* **WORK TO COMPLETE**
Give the count of lines below that include the word "sketch", and say nothing else.

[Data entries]
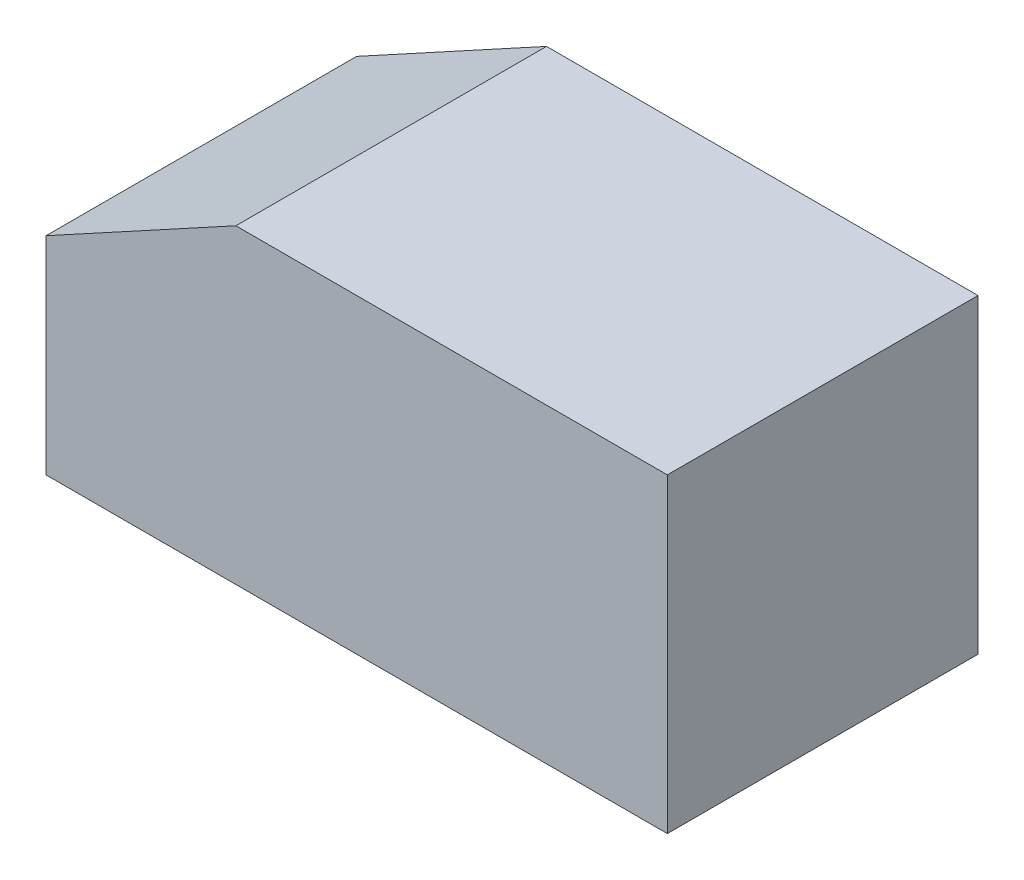
SolidWorks part; units mm, degrees
ref_plane "前视基准面" through (0, 0, 0) normal (0, 0, 1) x (1, 0, 0)
ref_plane "上视基准面" through (0, 0, 0) normal (0, 1, 0) x (1, 0, 0)
ref_plane "右视基准面" through (0, 0, 0) normal (1, 0, 0) x (0, 0, -1)
sketch "草图1" plane through (0, 0, 0) normal (0, 0, 1) x (1, 0, 0)
  line L0 (-31.5436, 3.673) -> (-31.5436, -8.327)
  line L1 (-31.5436, -8.327) -> (-1.5436, -8.327)
  line L2 (-1.5436, -8.327) -> (4.4564, -8.327)
  line L3 (4.4564, -8.327) -> (4.4564, 9.673)
  line L4 (4.4564, 9.673) -> (-20.5436, 9.673)
  line L5 (-20.5436, 9.673) -> (-31.5436, 3.673)
  dimension "D1" = 12
  dimension "D2" = 30
  dimension "D3" = 6
  dimension "D4" = 18
extrude "凸台-拉伸1" add sketch "草图1" along normal blind 18

* **EXERCISE RESPONSE**
2